• [WHAT YOU ARE ASKED TO DO]: Return each line of the listing that has the word "units" in it.

• [DATA UNDER STUDY]:
• • • • •

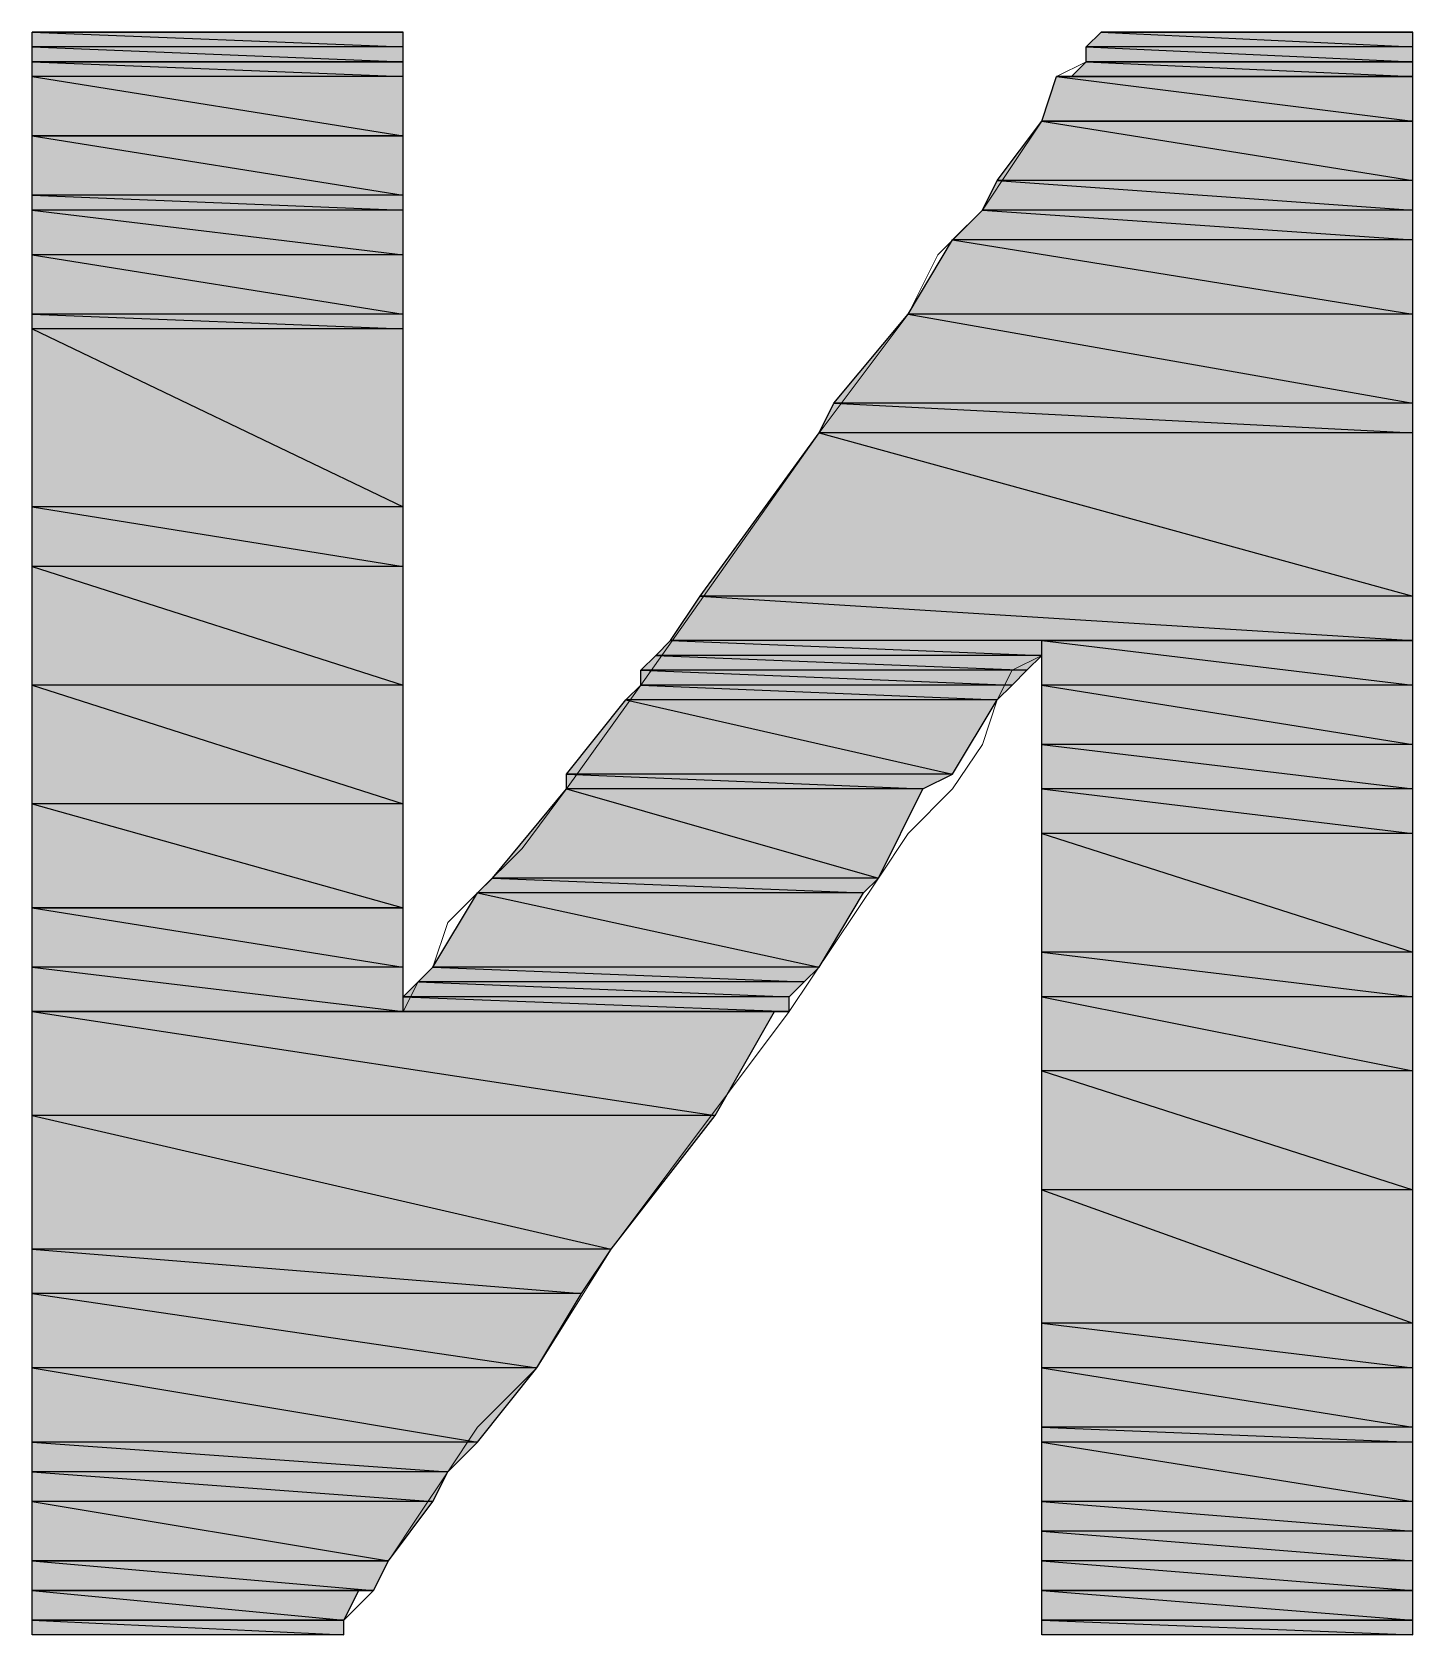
# Model space of a CAD drawing. Header units: millimetres. Extents: x -678 to 5260, y -935 to 3264.
# Drawn here: x 4934.55 to 4965.42, y -830.98 to -795.13 of the extents above; entities that cross this region are included whole.
import ezdxf

# ---------------------------------------------------------------- set-up
doc = ezdxf.new("R2010")
doc.units = ezdxf.units.MM
doc.header["$MEASUREMENT"] = 0
doc.layers.get('0').update_dxf_attribs({"linetype": 'CONTINUOUS'})

msp = doc.modelspace()

# ---------------------------------------------------------------- hatches: boundary and pattern name
at = {"true_color": 0x000007}
h = msp.add_hatch(color=7, dxfattribs=at)
h.paths.add_polyline_path([(4942.85122, -795.12832), (4934.55246, -795.12832), (4942.85122, -795.46027)])
h.paths.add_polyline_path([(4934.55246, -795.12832), (4942.85122, -795.46027), (4934.55246, -795.46027)])
h = msp.add_hatch(color=7, dxfattribs=at)
h.paths.add_polyline_path([(4965.42383, -795.12832), (4958.45288, -795.12832), (4965.42383, -795.46027)])
h.paths.add_polyline_path([(4958.45288, -795.12832), (4965.42383, -795.46027), (4958.12093, -795.46027)])
h = msp.add_hatch(color=7, dxfattribs=at)
h.paths.add_polyline_path([(4965.42383, -795.12832), (4958.45288, -795.12832)])
h.paths.add_polyline_path([(4965.42383, -795.12832), (4958.45288, -795.12832), (4965.09188, -795.12832)])
h = msp.add_hatch(color=7, dxfattribs=at)
h.paths.add_polyline_path([(4942.85122, -795.46027), (4934.55246, -795.46027), (4942.85122, -795.79222)])
h.paths.add_polyline_path([(4934.55246, -795.46027), (4942.85122, -795.79222), (4934.55246, -795.79222)])
h = msp.add_hatch(color=7, dxfattribs=at)
h.paths.add_polyline_path([(4965.42383, -795.46027), (4958.12093, -795.46027), (4965.42383, -795.79222)])
h.paths.add_polyline_path([(4958.12093, -795.46027), (4965.42383, -795.79222), (4958.12093, -795.79222)])
h = msp.add_hatch(color=7, dxfattribs=at)
h.paths.add_polyline_path([(4942.85122, -795.79222), (4934.55246, -795.79222), (4942.85122, -796.12417)])
h.paths.add_polyline_path([(4934.55246, -795.79222), (4942.85122, -796.12417), (4934.55246, -796.12417)])
h = msp.add_hatch(color=7, dxfattribs=at)
h.paths.add_polyline_path([(4965.42383, -795.79222), (4958.12093, -795.79222), (4965.42383, -796.12417)])
h.paths.add_polyline_path([(4958.12093, -795.79222), (4965.42383, -796.12417), (4957.78898, -796.12417)])
h = msp.add_hatch(color=7, dxfattribs=at)
h.paths.add_polyline_path([(4942.85122, -796.12417), (4934.55246, -796.12417), (4942.85122, -797.45197)])
h.paths.add_polyline_path([(4934.55246, -796.12417), (4942.85122, -797.45197), (4934.55246, -797.45197)])
h.paths.add_polyline_path([(4942.85122, -797.45197), (4934.55246, -797.45197)])
h.paths.add_polyline_path([(4934.55246, -797.45197), (4942.85122, -797.45197)])
h = msp.add_hatch(color=7, dxfattribs=at)
h.paths.add_polyline_path([(4965.42383, -796.12417), (4957.45703, -796.12417), (4965.42383, -797.12002)])
h.paths.add_polyline_path([(4957.45703, -796.12417), (4965.42383, -797.12002), (4957.12508, -797.12002)])
h = msp.add_hatch(color=7, dxfattribs=at)
h.paths.add_polyline_path([(4965.42383, -797.12002), (4957.12508, -797.12002), (4965.42383, -798.44782)])
h.paths.add_polyline_path([(4957.12508, -797.12002), (4965.42383, -798.44782), (4956.12923, -798.44782)])
h = msp.add_hatch(color=7, dxfattribs=at)
h.paths.add_polyline_path([(4942.85122, -797.45197), (4934.55246, -797.45197), (4942.85122, -798.77977)])
h.paths.add_polyline_path([(4934.55246, -797.45197), (4942.85122, -798.77977), (4934.55246, -798.77977)])
h = msp.add_hatch(color=7, dxfattribs=at)
h.paths.add_polyline_path([(4965.42383, -798.44782), (4956.12923, -798.44782), (4965.42383, -799.11172)])
h.paths.add_polyline_path([(4956.12923, -798.44782), (4965.42383, -799.11172), (4955.79728, -799.11172)])
h = msp.add_hatch(color=7, dxfattribs=at)
h.paths.add_polyline_path([(4942.85122, -798.77977), (4934.55246, -798.77977), (4942.85122, -799.11172)])
h.paths.add_polyline_path([(4934.55246, -798.77977), (4942.85122, -799.11172), (4934.55246, -799.11172)])
h = msp.add_hatch(color=7, dxfattribs=at)
h.paths.add_polyline_path([(4942.85122, -799.11172), (4934.55246, -799.11172), (4942.85122, -800.10757)])
h.paths.add_polyline_path([(4934.55246, -799.11172), (4942.85122, -800.10757), (4934.55246, -800.10757)])
h = msp.add_hatch(color=7, dxfattribs=at)
h.paths.add_polyline_path([(4965.42383, -799.11172), (4955.79728, -799.11172), (4965.42383, -799.77562)])
h.paths.add_polyline_path([(4955.79728, -799.11172), (4965.42383, -799.77562), (4955.13337, -799.77562)])
h = msp.add_hatch(color=7, dxfattribs=at)
h.paths.add_polyline_path([(4965.42383, -799.77562), (4955.13337, -799.77562), (4965.42383, -801.43537)])
h.paths.add_polyline_path([(4955.13337, -799.77562), (4965.42383, -801.43537), (4954.13752, -801.43537)])
h = msp.add_hatch(color=7, dxfattribs=at)
h.paths.add_polyline_path([(4942.85122, -800.10757), (4934.55246, -800.10757), (4942.85122, -801.43537)])
h.paths.add_polyline_path([(4934.55246, -800.10757), (4942.85122, -801.43537), (4934.55246, -801.43537)])
h = msp.add_hatch(color=7, dxfattribs=at)
h.paths.add_polyline_path([(4942.85122, -801.43537), (4934.55246, -801.43537), (4942.85122, -801.76732)])
h.paths.add_polyline_path([(4934.55246, -801.43537), (4942.85122, -801.76732), (4934.55246, -801.76732)])
h = msp.add_hatch(color=7, dxfattribs=at)
h.paths.add_polyline_path([(4965.42383, -801.43537), (4954.13752, -801.43537), (4965.42383, -803.42707)])
h.paths.add_polyline_path([(4954.13752, -801.43537), (4965.42383, -803.42707), (4952.47777, -803.42707)])
h = msp.add_hatch(color=7, dxfattribs=at)
h.paths.add_polyline_path([(4942.85122, -801.76732), (4934.55246, -801.76732), (4942.85122, -805.75072)])
h.paths.add_polyline_path([(4934.55246, -801.76732), (4942.85122, -805.75072), (4934.55246, -805.75072)])
h = msp.add_hatch(color=7, dxfattribs=at)
h.paths.add_polyline_path([(4965.42383, -803.42707), (4952.47777, -803.42707), (4965.42383, -804.09097)])
h.paths.add_polyline_path([(4952.47777, -803.42707), (4965.42383, -804.09097), (4952.14582, -804.09097)])
h = msp.add_hatch(color=7, dxfattribs=at)
h.paths.add_polyline_path([(4965.42383, -804.09097), (4952.14582, -804.09097), (4965.42383, -807.74242)])
h.paths.add_polyline_path([(4952.14582, -804.09097), (4965.42383, -807.74242), (4949.49022, -807.74242)])
h = msp.add_hatch(color=7, dxfattribs=at)
h.paths.add_polyline_path([(4942.85122, -805.75072), (4934.55246, -805.75072), (4942.85122, -807.07852)])
h.paths.add_polyline_path([(4934.55246, -805.75072), (4942.85122, -807.07852), (4934.55246, -807.07852)])
h = msp.add_hatch(color=7, dxfattribs=at)
h.paths.add_polyline_path([(4942.85122, -807.07852), (4934.55246, -807.07852), (4942.85122, -809.73413)])
h.paths.add_polyline_path([(4934.55246, -807.07852), (4942.85122, -809.73413), (4934.55246, -809.73413)])
h = msp.add_hatch(color=7, dxfattribs=at)
h.paths.add_polyline_path([(4965.42383, -807.74242), (4949.49022, -807.74242), (4965.42383, -808.73828)])
h.paths.add_polyline_path([(4949.49022, -807.74242), (4965.42383, -808.73828), (4948.82632, -808.73828)])
h = msp.add_hatch(color=7, dxfattribs=at)
h.paths.add_polyline_path([(4957.12508, -808.73828), (4948.82632, -808.73828), (4957.12508, -809.07023)])
h.paths.add_polyline_path([(4948.82632, -808.73828), (4957.12508, -809.07023), (4948.49437, -809.07023)])
h = msp.add_hatch(color=7, dxfattribs=at)
h.paths.add_polyline_path([(4965.42383, -808.73828), (4957.12508, -808.73828), (4965.42383, -809.73413)])
h.paths.add_polyline_path([(4957.12508, -808.73828), (4965.42383, -809.73413), (4957.12508, -809.73413)])
h = msp.add_hatch(color=7, dxfattribs=at)
h.paths.add_polyline_path([(4957.12508, -809.07023), (4948.49437, -809.07023), (4956.79313, -809.40218)])
h.paths.add_polyline_path([(4948.49437, -809.07023), (4956.79313, -809.40218), (4948.16242, -809.40218)])
h = msp.add_hatch(color=7, dxfattribs=at)
h.paths.add_polyline_path([(4956.79313, -809.40218), (4948.16242, -809.40218), (4956.46118, -809.73413)])
h.paths.add_polyline_path([(4948.16242, -809.40218), (4956.46118, -809.73413), (4948.16242, -809.73413)])
h = msp.add_hatch(color=7, dxfattribs=at)
h.paths.add_polyline_path([(4942.85122, -809.73413), (4934.55246, -809.73413), (4942.85122, -812.38973)])
h.paths.add_polyline_path([(4934.55246, -809.73413), (4942.85122, -812.38973), (4934.55246, -812.38973)])
h = msp.add_hatch(color=7, dxfattribs=at)
h.paths.add_polyline_path([(4956.46118, -809.73413), (4948.16242, -809.73413), (4956.12923, -810.06608)])
h.paths.add_polyline_path([(4948.16242, -809.73413), (4956.12923, -810.06608), (4947.83047, -810.06608)])
h = msp.add_hatch(color=7, dxfattribs=at)
h.paths.add_polyline_path([(4965.42383, -809.73413), (4957.12508, -809.73413), (4965.42383, -811.06193)])
h.paths.add_polyline_path([(4957.12508, -809.73413), (4965.42383, -811.06193), (4957.12508, -811.06193)])
h = msp.add_hatch(color=7, dxfattribs=at)
h.paths.add_polyline_path([(4956.12923, -810.06608), (4947.83047, -810.06608), (4955.13337, -811.72583)])
h.paths.add_polyline_path([(4947.83047, -810.06608), (4955.13337, -811.72583), (4946.50267, -811.72583)])
h = msp.add_hatch(color=7, dxfattribs=at)
h.paths.add_polyline_path([(4965.42383, -811.06193), (4957.12508, -811.06193), (4965.42383, -812.05778)])
h.paths.add_polyline_path([(4957.12508, -811.06193), (4965.42383, -812.05778), (4957.12508, -812.05778)])
h = msp.add_hatch(color=7, dxfattribs=at)
h.paths.add_polyline_path([(4955.13337, -811.72583), (4946.50267, -811.72583), (4954.46947, -812.05778)])
h.paths.add_polyline_path([(4946.50267, -811.72583), (4954.46947, -812.05778), (4946.50267, -812.05778)])
h = msp.add_hatch(color=7, dxfattribs=at)
h.paths.add_polyline_path([(4954.46947, -812.05778), (4946.50267, -812.05778), (4953.47362, -814.04948)])
h.paths.add_polyline_path([(4946.50267, -812.05778), (4953.47362, -814.04948), (4944.84292, -814.04948)])
h = msp.add_hatch(color=7, dxfattribs=at)
h.paths.add_polyline_path([(4965.42383, -812.05778), (4957.12508, -812.05778), (4965.42383, -813.05363)])
h.paths.add_polyline_path([(4957.12508, -812.05778), (4965.42383, -813.05363), (4957.12508, -813.05363)])
h = msp.add_hatch(color=7, dxfattribs=at)
h.paths.add_polyline_path([(4942.85122, -812.38973), (4934.55246, -812.38973), (4942.85122, -814.71338)])
h.paths.add_polyline_path([(4934.55246, -812.38973), (4942.85122, -814.71338), (4934.55246, -814.71338)])
h = msp.add_hatch(color=7, dxfattribs=at)
h.paths.add_polyline_path([(4965.42383, -813.05363), (4957.12508, -813.05363), (4965.42383, -815.70923)])
h.paths.add_polyline_path([(4957.12508, -813.05363), (4965.42383, -815.70923), (4957.12508, -815.70923)])
h = msp.add_hatch(color=7, dxfattribs=at)
h.paths.add_polyline_path([(4953.47362, -814.04948), (4944.84292, -814.04948), (4953.14167, -814.38143)])
h.paths.add_polyline_path([(4944.84292, -814.04948), (4953.14167, -814.38143), (4944.51097, -814.38143)])
h = msp.add_hatch(color=7, dxfattribs=at)
h.paths.add_polyline_path([(4953.14167, -814.38143), (4944.51097, -814.38143), (4952.14582, -816.04118)])
h.paths.add_polyline_path([(4944.51097, -814.38143), (4952.14582, -816.04118), (4943.51512, -816.04118)])
h = msp.add_hatch(color=7, dxfattribs=at)
h.paths.add_polyline_path([(4942.85122, -814.71338), (4934.55246, -814.71338), (4942.85122, -816.04118)])
h.paths.add_polyline_path([(4934.55246, -814.71338), (4942.85122, -816.04118), (4934.55246, -816.04118)])
h = msp.add_hatch(color=7, dxfattribs=at)
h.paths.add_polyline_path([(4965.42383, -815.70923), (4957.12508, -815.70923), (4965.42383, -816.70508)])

• • • • •

• [ANSWER TO THE PROBLEM]:
# Model space of a CAD drawing. Header units: millimetres. Extents: x -678 to 5260, y -935 to 3264.
doc.units = ezdxf.units.MM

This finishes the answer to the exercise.